Rückblick 2024: Warum Coldplay auf dem Holzweg sind

Coldplay wollen offenbar mit „Lalalas“ die Welt vereinen. Fallen Chris Martin keine Texte mehr ein?

Jemand hat sich die Mühe gemacht zu zählen, wie viele „Lalalas“ auf dem neuen Coldplay-Album, „Moon Music“, vorkommen. Es sind 384. Die meisten in „Good Feelings“ (110), „One World“ (95) und „We Pray“ (84).

Allein die Songtitel verraten ja schon Chris Martins Ansinnen: Er möchte, dass es uns gut geht, wir uns in Liebe und Frieden vereinen und eine bessere Welt schaffen. Total dafür! Aber seine Behauptung, all die „Lalalas“ seien bewusste Leerstellen, die das Publikum bei den Konzerten auffüllen darf – sorry, das ist doch eine lahme Ausrede von jemandem, der sich keine sinnvollen Texte mehr ausdenken kann.

Natürlich singen alle bei Konzerten gern mit, es ist das Schönste, sich mit Tausenden von anderen Fans zu verbinden und dieses Gemeinschaftsgefühl zu spüren – aber Bono, Bruce Springsteen, Michael Stipe: denen ist es trotzdem immer gelungen, sich ein paar leicht mitsingbare Zeilen dafür auszudenken.
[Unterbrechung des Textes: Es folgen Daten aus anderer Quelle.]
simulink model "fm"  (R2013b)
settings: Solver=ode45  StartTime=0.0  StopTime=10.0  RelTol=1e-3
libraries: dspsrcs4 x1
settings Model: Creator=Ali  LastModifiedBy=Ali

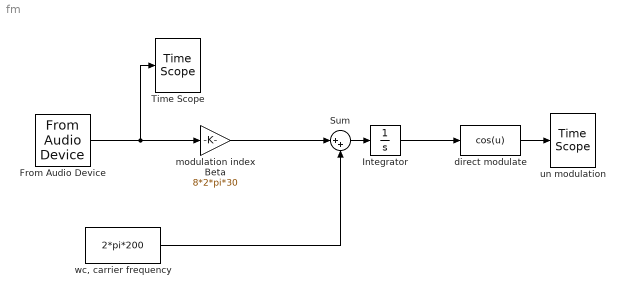
== system fm ==
  From Audio Device : dspsrcs4/From Audio Device  deviceName=Primary Sound Capture Driver  numChannels=1  sampleRate=1200  deviceDatatype=Determine from output data type  autoBufferSize=on  bufferSize=4096  queueDuration=5  frameSize=1  outputDatatype=single  defaultInputChannelMapping=on  inputChannelMapping=1:2
  Integrator : Integrator  IgnoreLimit=on
  Sum : Sum  Inputs=|++
  Time Scope : TimeScope  DefaultConfigurationName=spbscopes.TimeScopeBlockCfg
      settings: CopyFcn=scopeextensions.ScopeBlock.onCoreBlockCopy(gcbh);  DeleteFcn=scopeextensions.ScopeBlock.callback(gcbh, 'onBlockDelete');  PreSaveFcn=scopeextensions.ScopeBlock.callback(gcbh, 'onModelSave');  NameChangeFcn=scopeextensions.ScopeBlock.callback(gcbh, 'onBlockRename');  DestroyFcn=scopeextensions.ScopeBlock.onBlockDestroy(gcbh)  CloseFcn=scopeextensions.ScopeBlock.callback(gcbh, 'onBlockClose');  PreDeleteFcn=scopeextensions.ScopeBlock.callback(gcbh, 'onBlockPreDelete');
  direct modulate : Fcn  Expr=cos(u)
  modulation index Beta : Gain  Gain=8*2*pi*30
  un modulation : TimeScope  DefaultConfigurationName=spbscopes.TimeScopeBlockCfg
      settings: CopyFcn=scopeextensions.ScopeBlock.onCoreBlockCopy(gcbh);  DeleteFcn=scopeextensions.ScopeBlock.callback(gcbh, 'onBlockDelete');  PreSaveFcn=scopeextensions.ScopeBlock.callback(gcbh, 'onModelSave');  NameChangeFcn=scopeextensions.ScopeBlock.callback(gcbh, 'onBlockRename');  DestroyFcn=scopeextensions.ScopeBlock.onBlockDestroy(gcbh)  CloseFcn=scopeextensions.ScopeBlock.callback(gcbh, 'onBlockClose');  PreDeleteFcn=scopeextensions.ScopeBlock.callback(gcbh, 'onBlockPreDelete');
  "wc, carrier frequency" : Constant  Value=2*pi*200
  wires:
  "wc, carrier frequency"/1 -> Sum/2
  Integrator/1 -> direct modulate/1
  direct modulate/1 -> un modulation/1
  Sum/1 -> Integrator/1
  modulation index Beta/1 -> Sum/1
  From Audio Device/1 -> modulation index Beta/1, Time Scope/1
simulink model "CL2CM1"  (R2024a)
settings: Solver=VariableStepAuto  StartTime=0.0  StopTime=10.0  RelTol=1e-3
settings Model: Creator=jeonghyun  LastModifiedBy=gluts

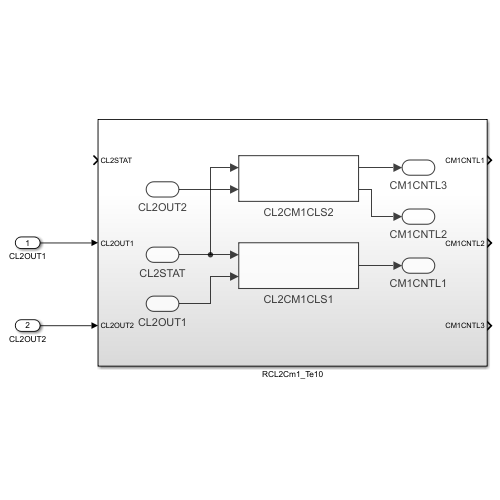
[thumbnail: Simulink's stored preview of the top-level diagram]
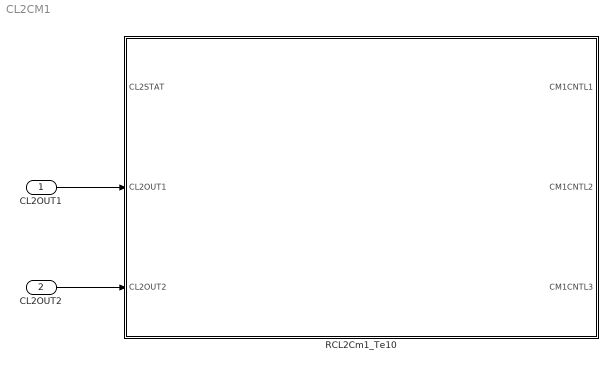
== system CL2CM1 ==
  CL2OUT1 : Inport
  CL2OUT2 : Inport  Port=2
  RCL2Cm1_Te10 : Subsystem
  wires:
  CL2OUT1/1 -> RCL2Cm1_Te10/2(CL2OUT1)
  CL2OUT2/1 -> RCL2Cm1_Te10/3(CL2OUT2)

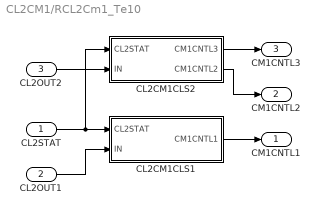
== system CL2CM1/RCL2Cm1_Te10 ==
  CL2STAT : Inport
  CL2OUT1 : Inport  Port=2
  CL2OUT2 : Inport  Port=3
  CL2CM1CLS1 : Subsystem
  CL2CM1CLS2 : Subsystem
  CM1CNTL1 : Outport
  CM1CNTL2 : Outport  Port=2
  CM1CNTL3 : Outport  Port=3
  wires:
  CL2OUT1/1 -> CL2CM1CLS1/2(IN)
  CL2STAT/1 -> CL2CM1CLS2/1(CL2STAT), CL2CM1CLS1/1(CL2STAT)
  CL2OUT2/1 -> CL2CM1CLS2/2(IN)
  CL2CM1CLS2/1(CM1CNTL3) -> CM1CNTL3/1
  CL2CM1CLS2/2(CM1CNTL2) -> CM1CNTL2/1
  CL2CM1CLS1/1(CM1CNTL1) -> CM1CNTL1/1

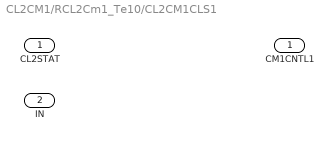
== system CL2CM1/RCL2Cm1_Te10/CL2CM1CLS1 ==
  CL2STAT : Inport
  IN : Inport  Port=2
  CM1CNTL1 : Outport

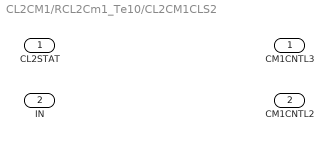
== system CL2CM1/RCL2Cm1_Te10/CL2CM1CLS2 ==
  CL2STAT : Inport
  IN : Inport  Port=2
  CM1CNTL3 : Outport
  CM1CNTL2 : Outport  Port=2

Coldplay wollen nur noch Karaoke-Band sein

Coldplay haben sich also vom Anspruch, Kunst zu erschaffen, endgültig verabschiedet. Sie liefern nur noch Mitmachmaterial. Das unterscheidet sie von den anderen Live-Giganten dieser Tage. Man muss Taylor Swifts Texte nicht mögen, aber sie schreibt immerhin welche. Und Adele hat bei ihren zehn Mega-Konzerten in München gezeigt, wie man selbst auf so einer Riesenbühne den Fokus eindeutig auf die Musik legen kann, nicht auf das Brimborium drum herum. (Die Umweltverschmutzung, die solche Pop-up-Stadien mit sich bringen, sollte allerdings nicht verschwiegen werden, und über die horrenden Ticketpreise haben wir ja schon häufiger berichtet – auch da ist es also noch ein weiter Weg zur Weltverbesserung.)

Wenn Chris Martin seine Auftritte jetzt nur noch als Großereignisse für die ganze Familie sieht (die danach freilich arm ist), als Happenings, in denen er keine entscheidende Rolle mehr spielt: Warum lässt er dann nicht gleich billige Avatare um die Welt reisen, für die es gar keinen CO2-Ausgleich braucht? Diese angebliche Bescheidenheit ist doch Quatsch: Natürlich wollen wir Rockstars auf der Bühne sehen, wir wollen Menschen bejubeln, die uns wunderbare Musik schenken und im besten Fall auch noch etwas Hofnung in diesen Zeiten. Dafür müssen sie nicht so tun, als wären sie auf Augenhöhe mit dem Publikum – als Menschen sind sie das natürlich, als Performer nicht.

Da ist es im Vergleich ja fast angenehm, sich jetzt schon die Oasis-Reunion-Konzerte 2025 vorzustellen: Liam Gallagher wird arrogant wie eh und je hinterm Mikrofon stehen, Noel unbeteiligt daneben. Keine Konfettikanonen, kein oberfächliches Kuschelgefühl. Ein paar „Lalalas“ haben Oasis allerdings auch (in „All Around The World“ und „I’m Outta
Time“ zum Beispiel). Aber Noel Gallagher hat wenigstens nie behauptet, dass dahinter ein cleverer Gedanke steht. Ihm fällt manchmal einfach nichts anderes ein. Fair enough!